Cell Type–Specific Expression of the MtPT4 Promoter. (A) and (B) Histochemical staining for GUS activity in M. truncatula roots carrying an MtPT4 promoter–UidA fusion. Roots were colonized with G. versiforme. Arrows indicate positive GUS staining in cells with arbuscules. The root shown in (B) was counterstained with acid fuschin. Bars = 200 μm (A) and 50 μm (B). (C) Epifluorescence micrograph of the root shown in (B) revealing arbuscules (a) and intraradical hyphae (ih).
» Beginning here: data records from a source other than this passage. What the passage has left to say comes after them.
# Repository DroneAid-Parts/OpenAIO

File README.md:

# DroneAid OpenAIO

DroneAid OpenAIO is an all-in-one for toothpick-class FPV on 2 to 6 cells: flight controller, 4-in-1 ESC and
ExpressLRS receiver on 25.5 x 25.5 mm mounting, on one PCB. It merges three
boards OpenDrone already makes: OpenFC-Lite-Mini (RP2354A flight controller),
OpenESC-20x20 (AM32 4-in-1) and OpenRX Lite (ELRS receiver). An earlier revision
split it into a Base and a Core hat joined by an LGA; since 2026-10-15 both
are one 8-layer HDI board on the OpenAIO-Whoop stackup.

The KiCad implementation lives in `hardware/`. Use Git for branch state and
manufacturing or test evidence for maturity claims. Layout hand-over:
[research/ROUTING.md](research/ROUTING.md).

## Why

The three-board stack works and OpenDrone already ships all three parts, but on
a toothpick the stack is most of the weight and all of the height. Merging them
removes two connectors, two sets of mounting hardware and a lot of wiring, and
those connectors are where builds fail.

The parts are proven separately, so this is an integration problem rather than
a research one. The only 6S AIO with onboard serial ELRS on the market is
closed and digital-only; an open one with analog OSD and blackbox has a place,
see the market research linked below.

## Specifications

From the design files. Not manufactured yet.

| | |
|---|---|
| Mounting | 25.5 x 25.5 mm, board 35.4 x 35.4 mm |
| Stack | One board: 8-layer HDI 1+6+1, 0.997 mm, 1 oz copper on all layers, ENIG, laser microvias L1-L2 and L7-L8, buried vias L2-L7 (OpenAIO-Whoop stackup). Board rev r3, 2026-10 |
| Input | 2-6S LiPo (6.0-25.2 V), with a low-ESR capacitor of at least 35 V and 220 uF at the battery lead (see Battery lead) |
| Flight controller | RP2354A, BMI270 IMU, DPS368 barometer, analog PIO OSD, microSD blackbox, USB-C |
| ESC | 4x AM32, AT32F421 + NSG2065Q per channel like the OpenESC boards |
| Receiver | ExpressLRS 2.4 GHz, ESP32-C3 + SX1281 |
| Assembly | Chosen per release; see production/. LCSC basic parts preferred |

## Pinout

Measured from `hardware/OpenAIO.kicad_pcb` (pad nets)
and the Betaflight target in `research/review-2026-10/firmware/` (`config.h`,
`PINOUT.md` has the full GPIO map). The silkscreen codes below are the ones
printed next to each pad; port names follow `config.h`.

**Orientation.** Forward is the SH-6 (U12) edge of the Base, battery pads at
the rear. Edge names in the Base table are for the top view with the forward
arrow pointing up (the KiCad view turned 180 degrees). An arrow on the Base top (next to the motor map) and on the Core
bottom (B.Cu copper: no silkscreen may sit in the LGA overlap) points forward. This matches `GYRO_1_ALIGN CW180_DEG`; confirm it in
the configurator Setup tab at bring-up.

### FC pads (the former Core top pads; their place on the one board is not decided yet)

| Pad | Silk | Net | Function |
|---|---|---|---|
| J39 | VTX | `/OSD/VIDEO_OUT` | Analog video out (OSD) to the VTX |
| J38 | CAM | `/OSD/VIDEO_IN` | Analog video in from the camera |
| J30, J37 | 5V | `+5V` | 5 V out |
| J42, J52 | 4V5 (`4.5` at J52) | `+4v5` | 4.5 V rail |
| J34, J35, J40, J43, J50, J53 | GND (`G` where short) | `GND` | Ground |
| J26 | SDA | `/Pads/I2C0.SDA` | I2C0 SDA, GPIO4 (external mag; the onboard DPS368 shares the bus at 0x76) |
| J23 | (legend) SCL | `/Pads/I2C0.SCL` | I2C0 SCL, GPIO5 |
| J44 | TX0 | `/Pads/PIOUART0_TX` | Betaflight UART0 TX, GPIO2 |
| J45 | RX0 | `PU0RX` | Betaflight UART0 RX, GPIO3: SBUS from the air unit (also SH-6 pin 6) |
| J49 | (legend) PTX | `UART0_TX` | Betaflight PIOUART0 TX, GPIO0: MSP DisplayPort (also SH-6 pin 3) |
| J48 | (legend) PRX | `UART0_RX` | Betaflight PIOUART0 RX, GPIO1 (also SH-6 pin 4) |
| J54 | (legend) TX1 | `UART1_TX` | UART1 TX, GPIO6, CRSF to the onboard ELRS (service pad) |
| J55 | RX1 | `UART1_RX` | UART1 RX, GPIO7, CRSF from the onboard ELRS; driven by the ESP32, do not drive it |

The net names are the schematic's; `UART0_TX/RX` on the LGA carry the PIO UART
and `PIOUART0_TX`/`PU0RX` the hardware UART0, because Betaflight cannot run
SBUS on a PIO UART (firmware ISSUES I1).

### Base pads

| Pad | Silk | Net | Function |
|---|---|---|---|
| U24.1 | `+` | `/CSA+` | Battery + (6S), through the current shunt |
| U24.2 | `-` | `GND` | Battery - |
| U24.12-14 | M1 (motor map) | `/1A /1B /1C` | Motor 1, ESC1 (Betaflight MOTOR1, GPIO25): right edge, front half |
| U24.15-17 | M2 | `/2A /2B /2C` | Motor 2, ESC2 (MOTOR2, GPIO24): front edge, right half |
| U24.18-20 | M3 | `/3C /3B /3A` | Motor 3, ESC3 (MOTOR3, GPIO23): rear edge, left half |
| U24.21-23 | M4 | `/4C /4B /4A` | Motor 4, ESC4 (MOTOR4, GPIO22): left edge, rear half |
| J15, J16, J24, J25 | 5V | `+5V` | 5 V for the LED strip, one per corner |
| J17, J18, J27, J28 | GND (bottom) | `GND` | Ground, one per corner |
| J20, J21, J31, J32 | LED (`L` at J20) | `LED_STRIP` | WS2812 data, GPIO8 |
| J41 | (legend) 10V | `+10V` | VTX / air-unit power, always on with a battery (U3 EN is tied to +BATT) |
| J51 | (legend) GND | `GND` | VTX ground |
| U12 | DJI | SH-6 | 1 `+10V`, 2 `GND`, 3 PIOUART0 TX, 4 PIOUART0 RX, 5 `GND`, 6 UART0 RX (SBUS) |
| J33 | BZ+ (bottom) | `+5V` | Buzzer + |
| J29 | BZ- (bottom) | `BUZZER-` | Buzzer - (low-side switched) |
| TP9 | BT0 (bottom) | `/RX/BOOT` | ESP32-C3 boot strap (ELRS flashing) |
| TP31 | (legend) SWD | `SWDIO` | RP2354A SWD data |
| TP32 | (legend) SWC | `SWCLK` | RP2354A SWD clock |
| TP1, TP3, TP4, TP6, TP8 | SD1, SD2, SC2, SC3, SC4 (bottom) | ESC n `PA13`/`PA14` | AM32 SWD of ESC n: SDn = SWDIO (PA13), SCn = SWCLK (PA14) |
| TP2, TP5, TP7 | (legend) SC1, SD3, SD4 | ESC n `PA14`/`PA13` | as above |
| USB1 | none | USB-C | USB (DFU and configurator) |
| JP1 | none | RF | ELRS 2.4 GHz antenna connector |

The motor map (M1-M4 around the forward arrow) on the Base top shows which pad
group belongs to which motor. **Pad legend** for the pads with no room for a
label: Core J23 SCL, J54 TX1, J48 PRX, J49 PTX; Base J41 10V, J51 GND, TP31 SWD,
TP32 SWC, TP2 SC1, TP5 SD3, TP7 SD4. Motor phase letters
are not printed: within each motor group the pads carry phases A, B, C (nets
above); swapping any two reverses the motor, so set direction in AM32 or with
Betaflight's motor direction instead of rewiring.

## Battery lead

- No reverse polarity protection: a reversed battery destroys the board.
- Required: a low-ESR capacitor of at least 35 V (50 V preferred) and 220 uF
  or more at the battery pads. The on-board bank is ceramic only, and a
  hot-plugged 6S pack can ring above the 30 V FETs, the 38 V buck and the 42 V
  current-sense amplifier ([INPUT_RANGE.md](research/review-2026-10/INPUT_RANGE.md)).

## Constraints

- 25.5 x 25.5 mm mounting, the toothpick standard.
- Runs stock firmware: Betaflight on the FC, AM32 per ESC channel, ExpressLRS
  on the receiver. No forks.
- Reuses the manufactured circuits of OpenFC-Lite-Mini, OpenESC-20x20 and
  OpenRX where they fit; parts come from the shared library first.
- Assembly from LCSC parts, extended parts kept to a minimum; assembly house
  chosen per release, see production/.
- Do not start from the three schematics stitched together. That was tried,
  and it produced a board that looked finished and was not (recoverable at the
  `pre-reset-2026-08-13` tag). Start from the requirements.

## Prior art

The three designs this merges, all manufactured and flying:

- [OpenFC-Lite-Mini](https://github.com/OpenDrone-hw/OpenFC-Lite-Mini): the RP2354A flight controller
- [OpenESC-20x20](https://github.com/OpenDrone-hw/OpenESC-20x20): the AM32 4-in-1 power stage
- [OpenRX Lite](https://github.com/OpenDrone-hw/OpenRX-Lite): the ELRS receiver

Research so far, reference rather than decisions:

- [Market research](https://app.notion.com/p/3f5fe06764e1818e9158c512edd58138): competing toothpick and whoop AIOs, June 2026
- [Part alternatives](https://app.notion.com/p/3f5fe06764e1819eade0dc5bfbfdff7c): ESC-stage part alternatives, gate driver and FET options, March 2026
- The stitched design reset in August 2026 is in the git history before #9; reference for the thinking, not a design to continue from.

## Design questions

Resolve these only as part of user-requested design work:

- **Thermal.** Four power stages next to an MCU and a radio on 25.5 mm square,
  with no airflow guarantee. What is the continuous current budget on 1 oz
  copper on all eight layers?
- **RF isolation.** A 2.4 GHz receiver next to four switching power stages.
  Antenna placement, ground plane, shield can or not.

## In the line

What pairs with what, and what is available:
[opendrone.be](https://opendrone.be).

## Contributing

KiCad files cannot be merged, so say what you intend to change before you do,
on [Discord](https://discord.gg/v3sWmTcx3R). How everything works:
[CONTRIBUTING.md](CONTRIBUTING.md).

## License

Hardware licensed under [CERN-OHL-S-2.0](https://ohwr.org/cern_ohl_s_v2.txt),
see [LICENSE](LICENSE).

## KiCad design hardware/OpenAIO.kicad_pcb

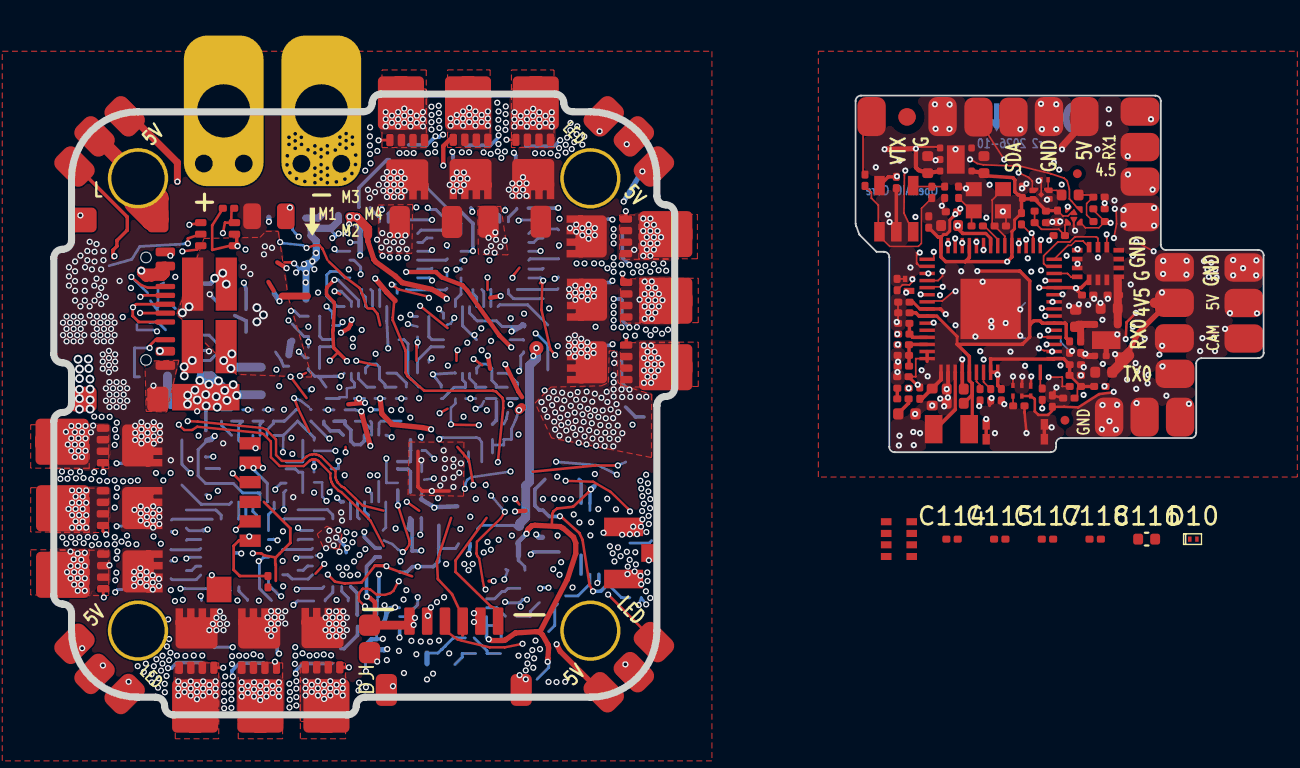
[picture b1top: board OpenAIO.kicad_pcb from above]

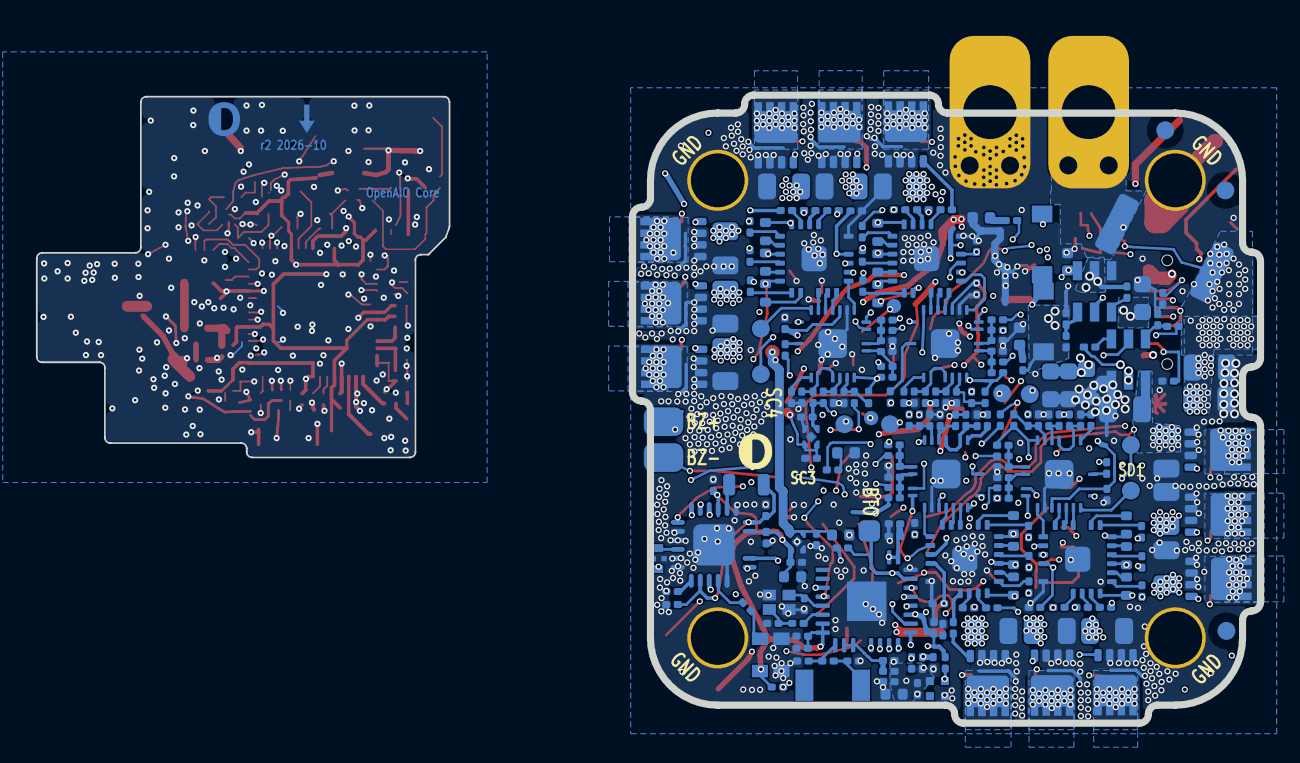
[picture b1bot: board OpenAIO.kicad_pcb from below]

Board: 8 copper layers, 68.2 x 35.0 mm, 362 parts (224 on the bottom side), 239 nets.

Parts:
AE2: 2450AT18A100E; ANT-SMD_L3.2-W1.6
C1, C2, C5, C6, C7, C8, C9, C11, C12, C13, C14, C20, C21, C29, C30, C32, C34, C35, C36, C108, C109, C114, C115, C117, C118: 100n; C_0201_0603Metric
C3, C15, C16, C17, C25, C27: 4.7uF; C_0402_1005Metric
C4, C10: 20p; C_0201_0603Metric
C18, C19, C90, C91, C92, C93, C94, C95, C96, C97, C98, C99, C100, C101, C102, C103: 4.7uF 50v; C_0805_2012Metric
C23, C24, C112, C113: 22uF; C_0603_1608Metric
C26, C28, C33: 1uF; C_0402_1005Metric
C31: 470p; C_0201_0603Metric
C37, C38, C39, C43, C44, C45, C46, C50, C51, C52, C53, C57, C58, C59, C60, C64, C65, C66, C70, C71, C76, C78, C79, C104: 100nF; C_0201_0603Metric
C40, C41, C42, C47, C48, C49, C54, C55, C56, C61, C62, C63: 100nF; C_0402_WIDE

Acid fuschin also stained the vascular tissue.

Figure 8.

Immunolocalization of MtPT4. Laser scanning confocal microscopy images of mycorrhizal roots of M. truncatula/G. versiforme probed with MtPT4 antibodies. The MtPT4 antibodies were visualized with a secondary antibody conjugated with AlexaFluor 488. The roots were counterstained with WGA–Texas red to visualize G. versiforme. (A) and (D) WGA–Texas red staining revealing G. versiforme arbuscules. (B) and (E) Corresponding images showing green fluorescence from MtPT4 immunostaining. (C) and (F) Merged images showing both red and green fluorescence. The MtPT4 signal is visible surrounding the branches of the arbuscule (arrowheads). (A) to (C) show projections of 39 optical sections taken at 0.16-μm intervals; bar = 30 μm. (D) to (F) show projections of 43 optical sections taken at 0.3 μm intervals; bar = 10 μm.

Figure 9.

Immunolocalization of MtPT4. Laser scanning confocal microscopy images of mycorrhizal roots of M. truncatula/G. versiforme probed with MtPT4 antibodies. (A), (D), (G), and (J) Red fluorescence from WGA–Texas red staining. (B), (E), and (H) Corresponding images showing green fluorescence from MtPT4 immunostaining. (C), (F), and (I) Merged images showing both red and green fluorescence. (K) Immunostaining with MtPT4 preimmune serum. (A) to (C) show a single optical section through the branches of an arbuscule; bar = 10 μm. (D) to (F) show projections of 18 optical sections taken at 0.4-μm intervals. MtPT4 signals are not detected around the very young arbuscules (ya). The MtPT4 signal is just detectable around the developing arbuscule (da). Mature arbuscules (ma) in the same area of the root are associated with strong MtPT4 immunostaining. Bar = 50 μm. (G) to (I) show projections of 22 optical sections taken at 0.3-μm intervals. The older, collapsed arbuscule (ca) does not show MtPT4 immunostaining. Punctate staining is visible surrounding the degenerating arbuscules (dga). Strong MtPT4 immunostaining is visible surrounding the mature arbuscules. Bar = 30 μm. (J) and (K) show projections of 15 optical sections taken at 0.5-μm intervals. The MtPT4 preimmune serum did not stain the arbuscules. Bar = 10 μm.